AIM OF THE TASK:
Consider the listing below. Extract exactly the lines from the line containing "color=color, linetype=linetype, lineweight=lineweight)" to the line containing "(218.375, 262.875), dxfattribs=at)", both included.

GIVEN DATA:
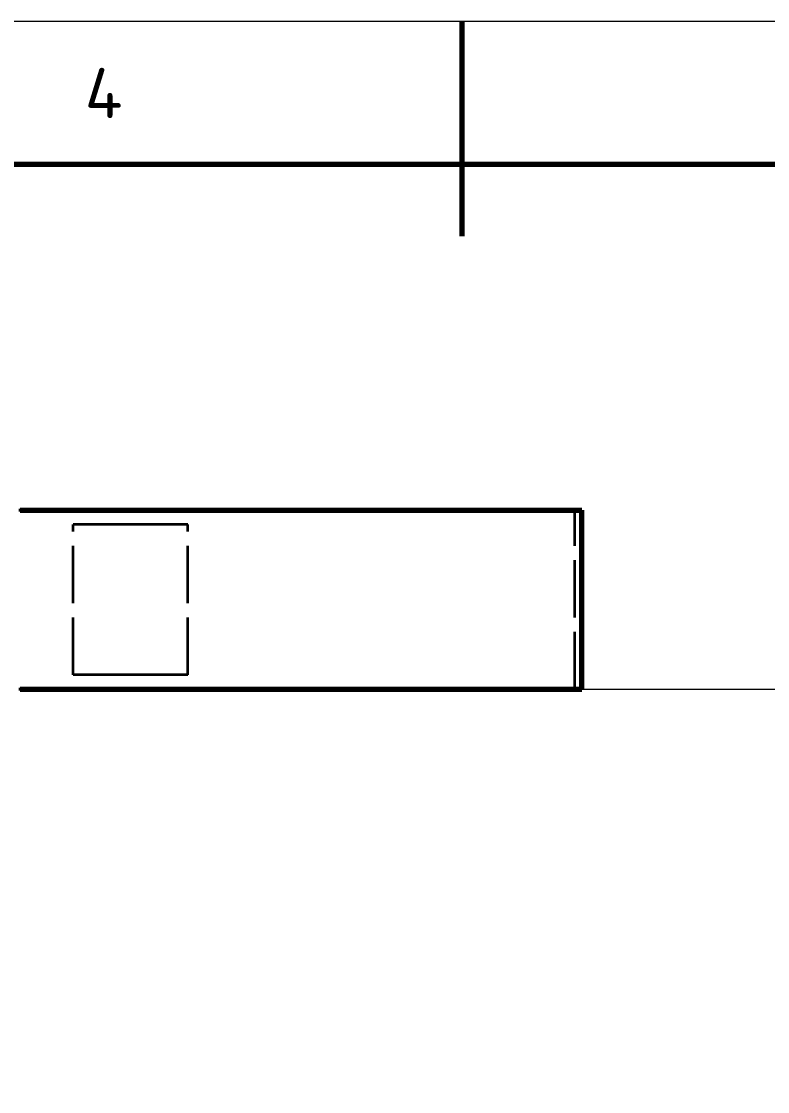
# Model space of a CAD drawing. Header units: millimetres. Extents: x 0 to 420, y 0 to 297.
# Drawn here: x 179.3 to 231.3, y 222.3 to 297 of the extents above; entities that cross this region are included whole.
import ezdxf
from ezdxf.enums import TextEntityAlignment as Align

# ---------------------------------------------------------------- set-up
doc = ezdxf.new("R2010")
doc.units = ezdxf.units.MM
doc.linetypes.add('IRAM-E-TRAZOS', pattern=[5, 4, -1])
for name, color, linetype, lineweight in [('01-VISIBLE', 7, 'CONTINUOUS', 70), ('02-OCULTA', 4, 'IRAM-E-TRAZOS', 35), ('04-COTA', 3, 'CONTINUOUS', 18), ('06-TEXTO', 7, 'CONTINUOUS', 25), ('07-RECUADRO', 7, 'CONTINUOUS', 70), ('08-FINA', 5, 'CONTINUOUS', 18)]:
    doc.layers.add(name, color=color, linetype=linetype, lineweight=lineweight)
doc.styles.add('ISO3098', font='isocpeur.ttf')
doc.dimstyles.new('FLAMA-IRAM', dxfattribs={"dimtxt": 3.5, "dimasz": 3.5, "dimexe": 2, "dimexo": 1.5, "dimgap": 1, "dimtad": 1, "dimdec": 1, "dimtxsty": 'ISO3098', "dimblk": 'IRAM_FLECHA', "dimblk1": 'IRAM_FLECHA', "dimblk2": 'IRAM_FLECHA', "dimcen": 2.5, "dimclrd": 256, "dimclre": 256, "dimclrt": 256, "dimazin": 3, "dimtfac": 1, "dimtmove": 0, "dimatfit": 3, "dimlwd": 18, "dimlwe": 18})

# ---------------------------------------------------------------- blocks, each defined once
blk = doc.blocks.new('IRAM_FLECHA')
blk.add_solid([(0, 0), (-1, 0.125), (-1, -0.125)])

msp = doc.modelspace()

# ---------------------------------------------------------------- linework, layer by layer
at = {"layer": '01-VISIBLE'}
msp.add_line((218.375, 250.375), (218.375, 262.875), dxfattribs=at)
for points in [[(179.175, 262.875), (179.375, 262.875), (179.575, 262.875), (179.775, 262.875), (179.975, 262.875), (180.175, 262.875), (180.375, 262.875), (180.575, 262.875), (180.775, 262.875), (180.975, 262.875), (181.175, 262.875), (181.375, 262.875), (181.575, 262.875), (181.775, 262.875), (181.975, 262.875), (182.175, 262.875), (182.375, 262.875), (182.575, 262.875), (182.775, 262.875), (182.975, 262.875), (183.175, 262.875), (183.375, 262.875), (183.575, 262.875), (183.775, 262.875), (183.975, 262.875), (184.175, 262.875), (184.375, 262.875), (184.575, 262.875), (184.775, 262.875), (184.975, 262.875), (185.175, 262.875), (185.375, 262.875), (185.575, 262.875), (185.775, 262.875), (185.975, 262.875), (186.175, 262.875), (186.375, 262.875), (186.575, 262.875), (186.775, 262.875), (186.975, 262.875), (187.175, 262.875), (187.375, 262.875), (187.575, 262.875), (187.775, 262.875), (187.975, 262.875), (188.175, 262.875), (188.375, 262.875), (188.575, 262.875), (188.775, 262.875), (188.975, 262.875), (189.175, 262.875), (189.375, 262.875), (189.575, 262.875), (189.775, 262.875), (189.975, 262.875), (190.175, 262.875), (190.375, 262.875), (190.575, 262.875), (190.775, 262.875), (190.975, 262.875), (191.175, 262.875), (191.375, 262.875), (191.575, 262.875), (191.775, 262.875), (191.975, 262.875), (192.175, 262.875), (192.375, 262.875), (192.575, 262.875), (192.775, 262.875), (192.975, 262.875), (193.175, 262.875), (193.375, 262.875), (193.575, 262.875), (193.775, 262.875), (193.975, 262.875), (194.175, 262.875), (194.375, 262.875), (194.575, 262.875), (194.775, 262.875), (194.975, 262.875), (195.175, 262.875), (195.375, 262.875), (195.575, 262.875), (195.775, 262.875), (195.975, 262.875), (196.175, 262.875), (196.375, 262.875), (196.575, 262.875), (196.775, 262.875), (196.975, 262.875), (197.175, 262.875), (197.375, 262.875), (197.575, 262.875), (197.775, 262.875), (197.975, 262.875), (198.175, 262.875), (198.375, 262.875), (198.575, 262.875), (198.775, 262.875), (198.975, 262.875), (199.175, 262.875), (199.375, 262.875), (199.575, 262.875), (199.775, 262.875), (199.975, 262.875), (200.175, 262.875), (200.375, 262.875), (200.575, 262.875), (200.775, 262.875), (200.975, 262.875), (201.175, 262.875), (201.375, 262.875), (201.575, 262.875), (201.775, 262.875), (201.975, 262.875), (202.175, 262.875), (202.375, 262.875), (202.575, 262.875), (202.775, 262.875), (202.975, 262.875), (203.175, 262.875), (203.375, 262.875), (203.575, 262.875), (203.775, 262.875), (203.975, 262.875), (204.175, 262.875), (204.375, 262.875), (204.575, 262.875), (204.775, 262.875), (204.975, 262.875), (205.175, 262.875), (205.375, 262.875), (205.575, 262.875), (205.775, 262.875), (205.975, 262.875), (206.175, 262.875), (206.375, 262.875), (206.575, 262.875), (206.775, 262.875), (206.975, 262.875), (207.175, 262.875), (207.375, 262.875), (207.575, 262.875), (207.775, 262.875), (207.975, 262.875), (208.175, 262.875), (208.375, 262.875), (208.575, 262.875), (208.775, 262.875), (208.975, 262.875), (209.175, 262.875), (209.375, 262.875), (209.575, 262.875), (209.775, 262.875), (209.975, 262.875), (210.175, 262.875), (210.375, 262.875), (210.575, 262.875), (210.775, 262.875), (210.975, 262.875), (211.175, 262.875), (211.375, 262.875), (211.575, 262.875), (211.775, 262.875), (211.975, 262.875), (212.175, 262.875), (212.375, 262.875), (212.575, 262.875), (212.775, 262.875), (212.975, 262.875), (213.175, 262.875), (213.375, 262.875), (213.575, 262.875), (213.775, 262.875), (213.975, 262.875), (214.175, 262.875), (214.375, 262.875), (214.575, 262.875), (214.775, 262.875), (214.975, 262.875), (215.175, 262.875), (215.375, 262.875), (215.575, 262.875), (215.775, 262.875), (215.975, 262.875), (216.175, 262.875), (216.375, 262.875), (216.575, 262.875), (216.775, 262.875), (216.975, 262.875), (217.175, 262.875), (217.375, 262.875), (217.575, 262.875), (217.775, 262.875), (217.975, 262.875), (218.175, 262.875), (218.375, 262.875)], [(179.175, 250.375), (179.375, 250.375), (179.575, 250.375), (179.775, 250.375), (179.975, 250.375), (180.175, 250.375), (180.375, 250.375), (180.575, 250.375), (180.775, 250.375), (180.975, 250.375), (181.175, 250.375), (181.375, 250.375), (181.575, 250.375), (181.775, 250.375), (181.975, 250.375), (182.175, 250.375), (182.375, 250.375), (182.575, 250.375), (182.775, 250.375), (182.975, 250.375), (183.175, 250.375), (183.375, 250.375), (183.575, 250.375), (183.775, 250.375), (183.975, 250.375), (184.175, 250.375), (184.375, 250.375), (184.575, 250.375), (184.775, 250.375), (184.975, 250.375), (185.175, 250.375), (185.375, 250.375), (185.575, 250.375), (185.775, 250.375), (185.975, 250.375), (186.175, 250.375), (186.375, 250.375), (186.575, 250.375), (186.775, 250.375), (186.975, 250.375), (187.175, 250.375), (187.375, 250.375), (187.575, 250.375), (187.775, 250.375), (187.975, 250.375), (188.175, 250.375), (188.375, 250.375), (188.575, 250.375), (188.775, 250.375), (188.975, 250.375), (189.175, 250.375), (189.375, 250.375), (189.575, 250.375), (189.775, 250.375), (189.975, 250.375), (190.175, 250.375), (190.375, 250.375), (190.575, 250.375), (190.775, 250.375), (190.975, 250.375), (191.175, 250.375), (191.375, 250.375), (191.575, 250.375), (191.775, 250.375), (191.975, 250.375), (192.175, 250.375), (192.375, 250.375), (192.575, 250.375), (192.775, 250.375), (192.975, 250.375), (193.175, 250.375), (193.375, 250.375), (193.575, 250.375), (193.775, 250.375), (193.975, 250.375), (194.175, 250.375), (194.375, 250.375), (194.575, 250.375), (194.775, 250.375), (194.975, 250.375), (195.175, 250.375), (195.375, 250.375), (195.575, 250.375), (195.775, 250.375), (195.975, 250.375), (196.175, 250.375), (196.375, 250.375), (196.575, 250.375), (196.775, 250.375), (196.975, 250.375), (197.175, 250.375), (197.375, 250.375), (197.575, 250.375), (197.775, 250.375), (197.975, 250.375), (198.175, 250.375), (198.375, 250.375), (198.575, 250.375), (198.775, 250.375), (198.975, 250.375), (199.175, 250.375), (199.375, 250.375), (199.575, 250.375), (199.775, 250.375), (199.975, 250.375), (200.175, 250.375), (200.375, 250.375), (200.575, 250.375), (200.775, 250.375), (200.975, 250.375), (201.175, 250.375), (201.375, 250.375), (201.575, 250.375), (201.775, 250.375), (201.975, 250.375), (202.175, 250.375), (202.375, 250.375), (202.575, 250.375), (202.775, 250.375), (202.975, 250.375), (203.175, 250.375), (203.375, 250.375), (203.575, 250.375), (203.775, 250.375), (203.975, 250.375), (204.175, 250.375), (204.375, 250.375), (204.575, 250.375), (204.775, 250.375), (204.975, 250.375), (205.175, 250.375), (205.375, 250.375), (205.575, 250.375), (205.775, 250.375), (205.975, 250.375), (206.175, 250.375), (206.375, 250.375), (206.575, 250.375), (206.775, 250.375), (206.975, 250.375), (207.175, 250.375), (207.375, 250.375), (207.575, 250.375), (207.775, 250.375), (207.975, 250.375), (208.175, 250.375), (208.375, 250.375), (208.575, 250.375), (208.775, 250.375), (208.975, 250.375), (209.175, 250.375), (209.375, 250.375), (209.575, 250.375), (209.775, 250.375), (209.975, 250.375), (210.175, 250.375), (210.375, 250.375), (210.575, 250.375), (210.775, 250.375), (210.975, 250.375), (211.175, 250.375), (211.375, 250.375), (211.575, 250.375), (211.775, 250.375), (211.975, 250.375), (212.175, 250.375), (212.375, 250.375), (212.575, 250.375), (212.775, 250.375), (212.975, 250.375), (213.175, 250.375), (213.375, 250.375), (213.575, 250.375), (213.775, 250.375), (213.975, 250.375), (214.175, 250.375), (214.375, 250.375), (214.575, 250.375), (214.775, 250.375), (214.975, 250.375), (215.175, 250.375), (215.375, 250.375), (215.575, 250.375), (215.775, 250.375), (215.975, 250.375), (216.175, 250.375), (216.375, 250.375), (216.575, 250.375), (216.775, 250.375), (216.975, 250.375), (217.175, 250.375), (217.375, 250.375), (217.575, 250.375), (217.775, 250.375), (217.975, 250.375), (218.175, 250.375), (218.375, 250.375)]]:
    msp.add_lwpolyline(points, dxfattribs=at)
at = {"layer": '02-OCULTA'}
for p, q in [((217.875, 250.375), (217.875, 262.875)), ((182.875, 251.375), (182.875, 261.875)), ((182.875, 251.375), (182.875, 261.875)), ((182.875, 251.375), (182.875, 261.875)), ((190.875, 261.875), (182.875, 261.875)), ((182.875, 251.375), (182.875, 261.875)), ((190.875, 261.875), (182.875, 261.875)), ((190.875, 251.375), (190.875, 261.875)), ((190.875, 251.375), (190.875, 261.875)), ((190.875, 251.375), (190.875, 261.875)), ((190.875, 251.375), (190.875, 261.875)), ((190.875, 251.375), (182.875, 251.375)), ((190.875, 251.375), (182.875, 251.375))]:
    msp.add_line(p, q, dxfattribs=at)
for points in [[(186.875, 262.875), (186.675, 262.875), (186.475, 262.875), (186.275, 262.875), (186.075, 262.875), (185.875, 262.875), (185.675, 262.875), (185.475, 262.875), (185.275, 262.875), (185.075, 262.875), (184.875, 262.875), (184.675, 262.875), (184.475, 262.875), (184.275, 262.875), (184.075, 262.875), (183.875, 262.875), (183.675, 262.875), (183.475, 262.875), (183.275, 262.875), (183.075, 262.875), (182.875, 262.875), (182.675, 262.875), (182.475, 262.875), (182.275, 262.875), (182.075, 262.875), (181.875, 262.875), (181.675, 262.875), (181.475, 262.875), (181.275, 262.875), (181.075, 262.875), (180.875, 262.875), (180.675, 262.875), (180.475, 262.875), (180.275, 262.875), (180.075, 262.875), (179.875, 262.875), (179.675, 262.875), (179.475, 262.875), (179.275, 262.875), (179.075, 262.875)], [(179.075, 262.875), (179.275, 262.875), (179.475, 262.875), (179.675, 262.875), (179.875, 262.875), (180.075, 262.875), (180.275, 262.875), (180.475, 262.875), (180.675, 262.875), (180.875, 262.875), (181.075, 262.875), (181.275, 262.875), (181.475, 262.875), (181.675, 262.875), (181.875, 262.875), (182.075, 262.875), (182.275, 262.875), (182.475, 262.875), (182.675, 262.875), (182.875, 262.875), (183.075, 262.875), (183.275, 262.875), (183.475, 262.875), (183.675, 262.875), (183.875, 262.875), (184.075, 262.875), (184.275, 262.875), (184.475, 262.875), (184.675, 262.875), (184.875, 262.875), (185.075, 262.875), (185.275, 262.875), (185.475, 262.875), (185.675, 262.875), (185.875, 262.875), (186.075, 262.875), (186.275, 262.875), (186.475, 262.875), (186.675, 262.875), (186.875, 262.875), (187.075, 262.875), (187.275, 262.875), (187.475, 262.875), (187.675, 262.875), (187.875, 262.875), (188.075, 262.875), (188.275, 262.875), (188.475, 262.875), (188.675, 262.875), (188.875, 262.875), (189.075, 262.875), (189.275, 262.875), (189.475, 262.875), (189.675, 262.875), (189.875, 262.875), (190.075, 262.875), (190.275, 262.875), (190.475, 262.875), (190.675, 262.875), (190.875, 262.875), (191.075, 262.875), (191.275, 262.875), (191.475, 262.875), (191.675, 262.875), (191.875, 262.875), (192.075, 262.875), (192.275, 262.875), (192.475, 262.875), (192.675, 262.875), (192.875, 262.875), (193.075, 262.875), (193.275, 262.875), (193.475, 262.875), (193.675, 262.875), (193.875, 262.875), (194.075, 262.875), (194.275, 262.875), (194.475, 262.875), (194.675, 262.875), (194.875, 262.875), (195.075, 262.875), (195.275, 262.875), (195.475, 262.875), (195.675, 262.875), (195.875, 262.875), (196.075, 262.875), (196.275, 262.875), (196.475, 262.875), (196.675, 262.875), (196.875, 262.875), (197.075, 262.875), (197.275, 262.875), (197.475, 262.875), (197.675, 262.875), (197.875, 262.875), (198.075, 262.875), (198.275, 262.875), (198.475, 262.875), (198.675, 262.875), (198.875, 262.875), (199.075, 262.875), (199.275, 262.875), (199.475, 262.875), (199.675, 262.875), (199.875, 262.875), (200.075, 262.875), (200.275, 262.875), (200.475, 262.875), (200.675, 262.875), (200.875, 262.875), (201.075, 262.875), (201.275, 262.875), (201.475, 262.875), (201.675, 262.875), (201.875, 262.875), (202.075, 262.875), (202.275, 262.875), (202.475, 262.875), (202.675, 262.875), (202.875, 262.875), (203.075, 262.875), (203.275, 262.875), (203.475, 262.875), (203.675, 262.875), (203.875, 262.875), (204.075, 262.875), (204.275, 262.875), (204.475, 262.875), (204.675, 262.875), (204.875, 262.875), (205.075, 262.875), (205.275, 262.875), (205.475, 262.875), (205.675, 262.875), (205.875, 262.875), (206.075, 262.875), (206.275, 262.875), (206.475, 262.875), (206.675, 262.875), (206.875, 262.875), (207.075, 262.875), (207.275, 262.875), (207.475, 262.875), (207.675, 262.875), (207.875, 262.875), (208.075, 262.875), (208.275, 262.875), (208.475, 262.875), (208.675, 262.875), (208.875, 262.875), (209.075, 262.875), (209.275, 262.875), (209.475, 262.875), (209.675, 262.875), (209.875, 262.875), (210.075, 262.875), (210.275, 262.875), (210.475, 262.875), (210.675, 262.875), (210.875, 262.875), (211.075, 262.875), (211.275, 262.875), (211.475, 262.875), (211.675, 262.875), (211.875, 262.875), (212.075, 262.875), (212.275, 262.875), (212.475, 262.875), (212.675, 262.875), (212.875, 262.875), (213.075, 262.875), (213.275, 262.875), (213.475, 262.875), (213.675, 262.875), (213.875, 262.875), (214.075, 262.875), (214.275, 262.875), (214.475, 262.875), (214.675, 262.875), (214.875, 262.875), (215.075, 262.875), (215.275, 262.875), (215.475, 262.875), (215.675, 262.875), (215.875, 262.875), (216.075, 262.875), (216.275, 262.875), (216.475, 262.875), (216.675, 262.875), (216.875, 262.875), (217.075, 262.875), (217.275, 262.875), (217.475, 262.875), (217.675, 262.875), (217.875, 262.875)], [(186.875, 262.875), (186.674, 262.875), (186.474, 262.875), (186.273, 262.875), (186.072, 262.875), (185.872, 262.875), (185.671, 262.875), (185.471, 262.875), (185.27, 262.875), (185.069, 262.875), (184.869, 262.875), (184.668, 262.875), (184.467, 262.875), (184.267, 262.875), (184.066, 262.875), (183.865, 262.875), (183.665, 262.875), (183.464, 262.875), (183.264, 262.875), (183.063, 262.875), (182.862, 262.875), (182.662, 262.875), (182.461, 262.875), (182.26, 262.875), (182.06, 262.875), (181.859, 262.875), (181.658, 262.875), (181.458, 262.875), (181.257, 262.875), (181.057, 262.875), (180.856, 262.875), (180.655, 262.875), (180.455, 262.875), (180.254, 262.875), (180.053, 262.875), (179.853, 262.875), (179.652, 262.875), (179.451, 262.875), (179.251, 262.875)], [(218.375, 262.875), (218.174, 262.875), (217.974, 262.875), (217.773, 262.875), (217.572, 262.875), (217.372, 262.875), (217.171, 262.875), (216.971, 262.875), (216.77, 262.875), (216.569, 262.875), (216.369, 262.875), (216.168, 262.875), (215.967, 262.875), (215.767, 262.875), (215.566, 262.875), (215.365, 262.875), (215.165, 262.875), (214.964, 262.875), (214.764, 262.875), (214.563, 262.875), (214.362, 262.875), (214.162, 262.875), (213.961, 262.875), (213.76, 262.875), (213.56, 262.875), (213.359, 262.875), (213.158, 262.875), (212.958, 262.875), (212.757, 262.875), (212.557, 262.875), (212.356, 262.875), (212.155, 262.875), (211.955, 262.875), (211.754, 262.875), (211.553, 262.875), (211.353, 262.875), (211.152, 262.875), (210.951, 262.875), (210.751, 262.875), (210.55, 262.875), (210.35, 262.875), (210.149, 262.875), (209.948, 262.875), (209.748, 262.875), (209.547, 262.875), (209.346, 262.875), (209.146, 262.875), (208.945, 262.875), (208.744, 262.875), (208.544, 262.875), (208.343, 262.875), (208.143, 262.875), (207.942, 262.875), (207.741, 262.875), (207.541, 262.875), (207.34, 262.875), (207.139, 262.875), (206.939, 262.875), (206.738, 262.875), (206.537, 262.875), (206.337, 262.875), (206.136, 262.875), (205.936, 262.875), (205.735, 262.875), (205.534, 262.875), (205.334, 262.875), (205.133, 262.875), (204.932, 262.875), (204.732, 262.875), (204.531, 262.875), (204.33, 262.875), (204.13, 262.875), (203.929, 262.875), (203.729, 262.875), (203.528, 262.875), (203.327, 262.875), (203.127, 262.875), (202.926, 262.875), (202.725, 262.875), (202.525, 262.875), (202.324, 262.875), (202.123, 262.875), (201.923, 262.875), (201.722, 262.875), (201.521, 262.875), (201.321, 262.875), (201.12, 262.875), (200.92, 262.875), (200.719, 262.875), (200.518, 262.875), (200.318, 262.875), (200.117, 262.875), (199.916, 262.875), (199.716, 262.875), (199.515, 262.875), (199.314, 262.875), (199.114, 262.875), (198.913, 262.875), (198.713, 262.875), (198.512, 262.875), (198.311, 262.875), (198.111, 262.875), (197.91, 262.875), (197.709, 262.875), (197.509, 262.875), (197.308, 262.875), (197.107, 262.875), (196.907, 262.875), (196.706, 262.875), (196.506, 262.875), (196.305, 262.875), (196.104, 262.875), (195.904, 262.875), (195.703, 262.875), (195.502, 262.875), (195.302, 262.875), (195.101, 262.875), (194.9, 262.875), (194.7, 262.875), (194.499, 262.875), (194.299, 262.875), (194.098, 262.875), (193.897, 262.875), (193.697, 262.875), (193.496, 262.875), (193.295, 262.875), (193.095, 262.875), (192.894, 262.875), (192.693, 262.875), (192.493, 262.875), (192.292, 262.875), (192.092, 262.875), (191.891, 262.875), (191.69, 262.875), (191.49, 262.875), (191.289, 262.875), (191.088, 262.875), (190.888, 262.875), (190.687, 262.875), (190.486, 262.875), (190.286, 262.875), (190.085, 262.875), (189.885, 262.875), (189.684, 262.875), (189.483, 262.875), (189.283, 262.875), (189.082, 262.875), (188.881, 262.875), (188.681, 262.875), (188.48, 262.875), (188.279, 262.875), (188.079, 262.875), (187.878, 262.875), (187.678, 262.875), (187.477, 262.875), (187.276, 262.875), (187.076, 262.875), (186.875, 262.875)], [(217.875, 262.875), (217.674, 262.875), (217.472, 262.875), (217.271, 262.875), (217.07, 262.875), (216.869, 262.875), (216.667, 262.875), (216.466, 262.875), (216.265, 262.875), (216.063, 262.875), (215.862, 262.875), (215.661, 262.875), (215.459, 262.875), (215.258, 262.875), (215.057, 262.875), (214.856, 262.875), (214.654, 262.875), (214.453, 262.875), (214.252, 262.875), (214.05, 262.875), (213.849, 262.875), (213.648, 262.875), (213.446, 262.875), (213.245, 262.875), (213.044, 262.875), (212.843, 262.875), (212.641, 262.875), (212.44, 262.875), (212.239, 262.875), (212.037, 262.875), (211.836, 262.875), (211.635, 262.875), (211.433, 262.875), (211.232, 262.875), (211.031, 262.875), (210.83, 262.875), (210.628, 262.875), (210.427, 262.875), (210.226, 262.875), (210.024, 262.875), (209.823, 262.875), (209.622, 262.875), (209.42, 262.875), (209.219, 262.875), (209.018, 262.875), (208.817, 262.875), (208.615, 262.875), (208.414, 262.875), (208.213, 262.875), (208.011, 262.875), (207.81, 262.875), (207.609, 262.875), (207.407, 262.875), (207.206, 262.875), (207.005, 262.875), (206.804, 262.875), (206.602, 262.875), (206.401, 262.875), (206.2, 262.875), (205.998, 262.875), (205.797, 262.875), (205.596, 262.875), (205.394, 262.875), (205.193, 262.875), (204.992, 262.875), (204.791, 262.875), (204.589, 262.875), (204.388, 262.875), (204.187, 262.875), (203.985, 262.875), (203.784, 262.875), (203.583, 262.875), (203.381, 262.875), (203.18, 262.875), (202.979, 262.875), (202.778, 262.875), (202.576, 262.875), (202.375, 262.875), (202.174, 262.875), (201.972, 262.875), (201.771, 262.875), (201.57, 262.875), (201.369, 262.875), (201.167, 262.875), (200.966, 262.875), (200.765, 262.875), (200.563, 262.875), (200.362, 262.875), (200.161, 262.875), (199.959, 262.875), (199.758, 262.875), (199.557, 262.875), (199.356, 262.875), (199.154, 262.875), (198.953, 262.875), (198.752, 262.875), (198.55, 262.875), (198.349, 262.875), (198.148, 262.875), (197.946, 262.875), (197.745, 262.875), (197.544, 262.875), (197.343, 262.875), (197.141, 262.875), (196.94, 262.875), (196.739, 262.875), (196.537, 262.875), (196.336, 262.875), (196.135, 262.875), (195.933, 262.875), (195.732, 262.875), (195.531, 262.875), (195.33, 262.875), (195.128, 262.875), (194.927, 262.875), (194.726, 262.875), (194.524, 262.875), (194.323, 262.875), (194.122, 262.875), (193.92, 262.875), (193.719, 262.875), (193.518, 262.875), (193.317, 262.875), (193.115, 262.875), (192.914, 262.875), (192.713, 262.875), (192.511, 262.875), (192.31, 262.875), (192.109, 262.875), (191.907, 262.875), (191.706, 262.875), (191.505, 262.875), (191.304, 262.875), (191.102, 262.875), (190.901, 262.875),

YOUR RESPONSE:
    doc.layers.add(name, color=color, linetype=linetype, lineweight=lineweight)
doc.styles.add('ISO3098', font='isocpeur.ttf')
doc.dimstyles.new('FLAMA-IRAM', dxfattribs={"dimtxt": 3.5, "dimasz": 3.5, "dimexe": 2, "dimexo": 1.5, "dimgap": 1, "dimtad": 1, "dimdec": 1, "dimtxsty": 'ISO3098', "dimblk": 'IRAM_FLECHA', "dimblk1": 'IRAM_FLECHA', "dimblk2": 'IRAM_FLECHA', "dimcen": 2.5, "dimclrd": 256, "dimclre": 256, "dimclrt": 256, "dimazin": 3, "dimtfac": 1, "dimtmove": 0, "dimatfit": 3, "dimlwd": 18, "dimlwe": 18})

# ---------------------------------------------------------------- blocks, each defined once
blk = doc.blocks.new('IRAM_FLECHA')
blk.add_solid([(0, 0), (-1, 0.125), (-1, -0.125)])

msp = doc.modelspace()

# ---------------------------------------------------------------- linework, layer by layer
at = {"layer": '01-VISIBLE'}
msp.add_line((218.375, 250.375), (218.375, 262.875), dxfattribs=at)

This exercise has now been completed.